Restate the records that follow word for word. Omit the images.

++++++++++

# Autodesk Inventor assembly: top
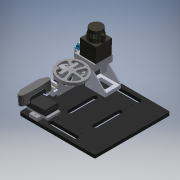
[picture p0: Inventor's stored thumbnail of the model, 180x180]
Saved by Autodesk Inventor 2017 (Build 210142000, 142)
## iProperties
Created: 2017-03-20
Part Number: top
Document SubType Name: Assembly
Designer: Naga
Author: Naga
## Documents named in this file (12)
- E:\GDrive\IEEE CS\SoutheastCon2017\Cad\top.iam
- E:\GDrive\IEEE CS\SoutheastCon2017\Cad\Chassis\TopPlateV1.ipt
- E:\GDrive\IEEE CS\SoutheastCon2017\Cad\tilt\TiltMount.iam
- E:\GDrive\IEEE CS\SoutheastCon2017\Cad\Electronics\LidarTilt.iam
- E:\GDrive\IEEE CS\SoutheastCon2017\Cad\Electronics\camera\camMounted.iam
- E:\GDrive\IEEE CS\SoutheastCon2017\Cad\Components\probe ring.ipt
- E:\GDrive\IEEE CS\SoutheastCon2017\Cad\Electronics\SS_01GL_E.iam
- E:\GDrive\IEEE CS\SoutheastCon2017\Cad\Components\limitSwitchMount.ipt
- E:\GDrive\IEEE CS\SoutheastCon2017\Cad\tilt\step\stage1Mount.iam
- E:\GDrive\IEEE CS\SoutheastCon2017\Cad\Components\probeTilit.ipt
- E:\GDrive\IEEE CS\SoutheastCon2017\Cad\tilt\TiltMountExShort.iam
- E:\GDrive\IEEE CS\SoutheastCon2017\Cad\Motors\Servo 9G.ipt
## Components (13 placed, 11 different names)
1. TopPlateV1:1 — Mate:1, Mate:3, Mate:4, Mate:6, Mate:7, Mate:8, Flush:1, Mate:11, Mate:29, Mate:31, Mate:33, Mate:35, Mate:36, Mate:47, Mate:48, Mate:53, Mate:54, Mate:55, Mate:57, Flush:61, Flush:62
2. TiltMount:1 [sub-assembly] — Mate:4, Mate:9, Mate:10, Flush:1, Mate:11
3. LidarTilt:1 [sub-assembly] — Mate:9, Mate:10, Flush:2, Flush:11, Mate:58, Mate:59, Mate:60
4. camMounted:1 [sub-assembly] — Mate:1, Mate:3, Mate:35
5. probe ring:1 — Mate:53, Mate:54, Mate:55
6. SS_01GL_E:1 [sub-assembly] — Flush:14, Mate:28, Flush:15
7. limitSwitchMount:1 — Flush:14, Mate:28, Flush:15, Mate:29, Mate:31, Mate:47
8. limitSwitchMount:2 — Mate:33, Mate:36, Mate:38, Flush:16, Mate:48
9. SS_01GL_E:2 [sub-assembly] — Mate:38, Flush:16
10. TiltMountExShort:1 [sub-assembly] — Mate:57, Flush:61, Flush:62
11. stage1Mount:1 [sub-assembly] — Mate:56, Flush:20, Flush:60
12. probeTilit:1 — Mate:56, Flush:20, Flush:60
13. Servo 9G:1 — Mate:58, Mate:59, Mate:60
## Relationships (38: Mate 28, Flush 10)
- Mate:1: TopPlateV1:1 ↔ camMounted:1
- Mate:3: TopPlateV1:1 ↔ camMounted:1
- Mate:4: TopPlateV1:1 ↔ TiltMount:1
- Mate:6: TopPlateV1:1
- Mate:7: TopPlateV1:1
- Mate:8: TopPlateV1:1
- Mate:9: TiltMount:1 ↔ LidarTilt:1
- Mate:10: TiltMount:1 ↔ LidarTilt:1
- Flush:1 (31.75 mm): TopPlateV1:1 ↔ TiltMount:1
- Mate:11: TopPlateV1:1 ↔ TiltMount:1
- Flush:2 (20.6375 mm): LidarTilt:1
- Flush:11 (22.225 mm): LidarTilt:1
- Flush:14: SS_01GL_E:1 ↔ limitSwitchMount:1
- Mate:28: SS_01GL_E:1 ↔ limitSwitchMount:1
- Flush:15 (9.0678 mm): SS_01GL_E:1 ↔ limitSwitchMount:1
- Mate:29: TopPlateV1:1 ↔ limitSwitchMount:1
- Mate:31: TopPlateV1:1 ↔ limitSwitchMount:1
- Mate:33: TopPlateV1:1 ↔ limitSwitchMount:2
- Mate:35: TopPlateV1:1 ↔ camMounted:1
- Mate:36: TopPlateV1:1 ↔ limitSwitchMount:2
- Mate:38: limitSwitchMount:2 ↔ SS_01GL_E:2
- Flush:16: limitSwitchMount:2 ↔ SS_01GL_E:2
- Mate:47: TopPlateV1:1 ↔ limitSwitchMount:1
- Mate:48: TopPlateV1:1 ↔ limitSwitchMount:2
- [Mate]: TiltMountExShort:1 ↔ stage1Mount:1
- [Mate]: TiltMountExShort:1 ↔ stage1Mount:1
- Mate:53: TopPlateV1:1 ↔ probe ring:1
- Mate:54: TopPlateV1:1 ↔ probe ring:1
- Mate:55: TopPlateV1:1 ↔ probe ring:1
- Mate:56: stage1Mount:1 ↔ probeTilit:1
- Flush:20: stage1Mount:1 ↔ probeTilit:1
- Mate:57: TopPlateV1:1 ↔ TiltMountExShort:1
- Flush:60: stage1Mount:1 ↔ probeTilit:1
- Flush:61: TopPlateV1:1 ↔ TiltMountExShort:1
- Mate:58: LidarTilt:1 ↔ Servo 9G:1
- Mate:59: LidarTilt:1 ↔ Servo 9G:1
- Mate:60: LidarTilt:1 ↔ Servo 9G:1
- Flush:62 (89.8398 mm): TopPlateV1:1 ↔ TiltMountExShort:1

++++++++++

EXPECTED OUTPUT |
# Autodesk Inventor assembly: top
[picture p0: Inventor's stored thumbnail of the model, 180x180]
Saved by Autodesk Inventor 2017 (Build 210142000, 142)
## iProperties
Created: 2017-03-20
Part Number: top
Document SubType Name: Assembly
Designer: Naga
Author: Naga
## Documents named in this file (12)
- E:\GDrive\IEEE CS\SoutheastCon2017\Cad\top.iam
- E:\GDrive\IEEE CS\SoutheastCon2017\Cad\Chassis\TopPlateV1.ipt
- E:\GDrive\IEEE CS\SoutheastCon2017\Cad\tilt\TiltMount.iam
- E:\GDrive\IEEE CS\SoutheastCon2017\Cad\Electronics\LidarTilt.iam
- E:\GDrive\IEEE CS\SoutheastCon2017\Cad\Electronics\camera\camMounted.iam
- E:\GDrive\IEEE CS\SoutheastCon2017\Cad\Components\probe ring.ipt
- E:\GDrive\IEEE CS\SoutheastCon2017\Cad\Electronics\SS_01GL_E.iam
- E:\GDrive\IEEE CS\SoutheastCon2017\Cad\Components\limitSwitchMount.ipt
- E:\GDrive\IEEE CS\SoutheastCon2017\Cad\tilt\step\stage1Mount.iam
- E:\GDrive\IEEE CS\SoutheastCon2017\Cad\Components\probeTilit.ipt
- E:\GDrive\IEEE CS\SoutheastCon2017\Cad\tilt\TiltMountExShort.iam
- E:\GDrive\IEEE CS\SoutheastCon2017\Cad\Motors\Servo 9G.ipt
## Components (13 placed, 11 different names)
1. TopPlateV1:1 — Mate:1, Mate:3, Mate:4, Mate:6, Mate:7, Mate:8, Flush:1, Mate:11, Mate:29, Mate:31, Mate:33, Mate:35, Mate:36, Mate:47, Mate:48, Mate:53, Mate:54, Mate:55, Mate:57, Flush:61, Flush:62
2. TiltMount:1 [sub-assembly] — Mate:4, Mate:9, Mate:10, Flush:1, Mate:11
3. LidarTilt:1 [sub-assembly] — Mate:9, Mate:10, Flush:2, Flush:11, Mate:58, Mate:59, Mate:60
4. camMounted:1 [sub-assembly] — Mate:1, Mate:3, Mate:35
5. probe ring:1 — Mate:53, Mate:54, Mate:55
6. SS_01GL_E:1 [sub-assembly] — Flush:14, Mate:28, Flush:15
7. limitSwitchMount:1 — Flush:14, Mate:28, Flush:15, Mate:29, Mate:31, Mate:47
8. limitSwitchMount:2 — Mate:33, Mate:36, Mate:38, Flush:16, Mate:48
9. SS_01GL_E:2 [sub-assembly] — Mate:38, Flush:16
10. TiltMountExShort:1 [sub-assembly] — Mate:57, Flush:61, Flush:62
11. stage1Mount:1 [sub-assembly] — Mate:56, Flush:20, Flush:60
12. probeTilit:1 — Mate:56, Flush:20, Flush:60
13. Servo 9G:1 — Mate:58, Mate:59, Mate:60
## Relationships (38: Mate 28, Flush 10)
- Mate:1: TopPlateV1:1 ↔ camMounted:1
- Mate:3: TopPlateV1:1 ↔ camMounted:1
- Mate:4: TopPlateV1:1 ↔ TiltMount:1
- Mate:6: TopPlateV1:1
- Mate:7: TopPlateV1:1
- Mate:8: TopPlateV1:1
- Mate:9: TiltMount:1 ↔ LidarTilt:1
- Mate:10: TiltMount:1 ↔ LidarTilt:1
- Flush:1 (31.75 mm): TopPlateV1:1 ↔ TiltMount:1
- Mate:11: TopPlateV1:1 ↔ TiltMount:1
- Flush:2 (20.6375 mm): LidarTilt:1
- Flush:11 (22.225 mm): LidarTilt:1
- Flush:14: SS_01GL_E:1 ↔ limitSwitchMount:1
- Mate:28: SS_01GL_E:1 ↔ limitSwitchMount:1
- Flush:15 (9.0678 mm): SS_01GL_E:1 ↔ limitSwitchMount:1
- Mate:29: TopPlateV1:1 ↔ limitSwitchMount:1
- Mate:31: TopPlateV1:1 ↔ limitSwitchMount:1
- Mate:33: TopPlateV1:1 ↔ limitSwitchMount:2
- Mate:35: TopPlateV1:1 ↔ camMounted:1
- Mate:36: TopPlateV1:1 ↔ limitSwitchMount:2
- Mate:38: limitSwitchMount:2 ↔ SS_01GL_E:2
- Flush:16: limitSwitchMount:2 ↔ SS_01GL_E:2
- Mate:47: TopPlateV1:1 ↔ limitSwitchMount:1
- Mate:48: TopPlateV1:1 ↔ limitSwitchMount:2
- [Mate]: TiltMountExShort:1 ↔ stage1Mount:1
- [Mate]: TiltMountExShort:1 ↔ stage1Mount:1
- Mate:53: TopPlateV1:1 ↔ probe ring:1
- Mate:54: TopPlateV1:1 ↔ probe ring:1
- Mate:55: TopPlateV1:1 ↔ probe ring:1
- Mate:56: stage1Mount:1 ↔ probeTilit:1
- Flush:20: stage1Mount:1 ↔ probeTilit:1
- Mate:57: TopPlateV1:1 ↔ TiltMountExShort:1
- Flush:60: stage1Mount:1 ↔ probeTilit:1
- Flush:61: TopPlateV1:1 ↔ TiltMountExShort:1
- Mate:58: LidarTilt:1 ↔ Servo 9G:1
- Mate:59: LidarTilt:1 ↔ Servo 9G:1
- Mate:60: LidarTilt:1 ↔ Servo 9G:1
- Flush:62 (89.8398 mm): TopPlateV1:1 ↔ TiltMountExShort:1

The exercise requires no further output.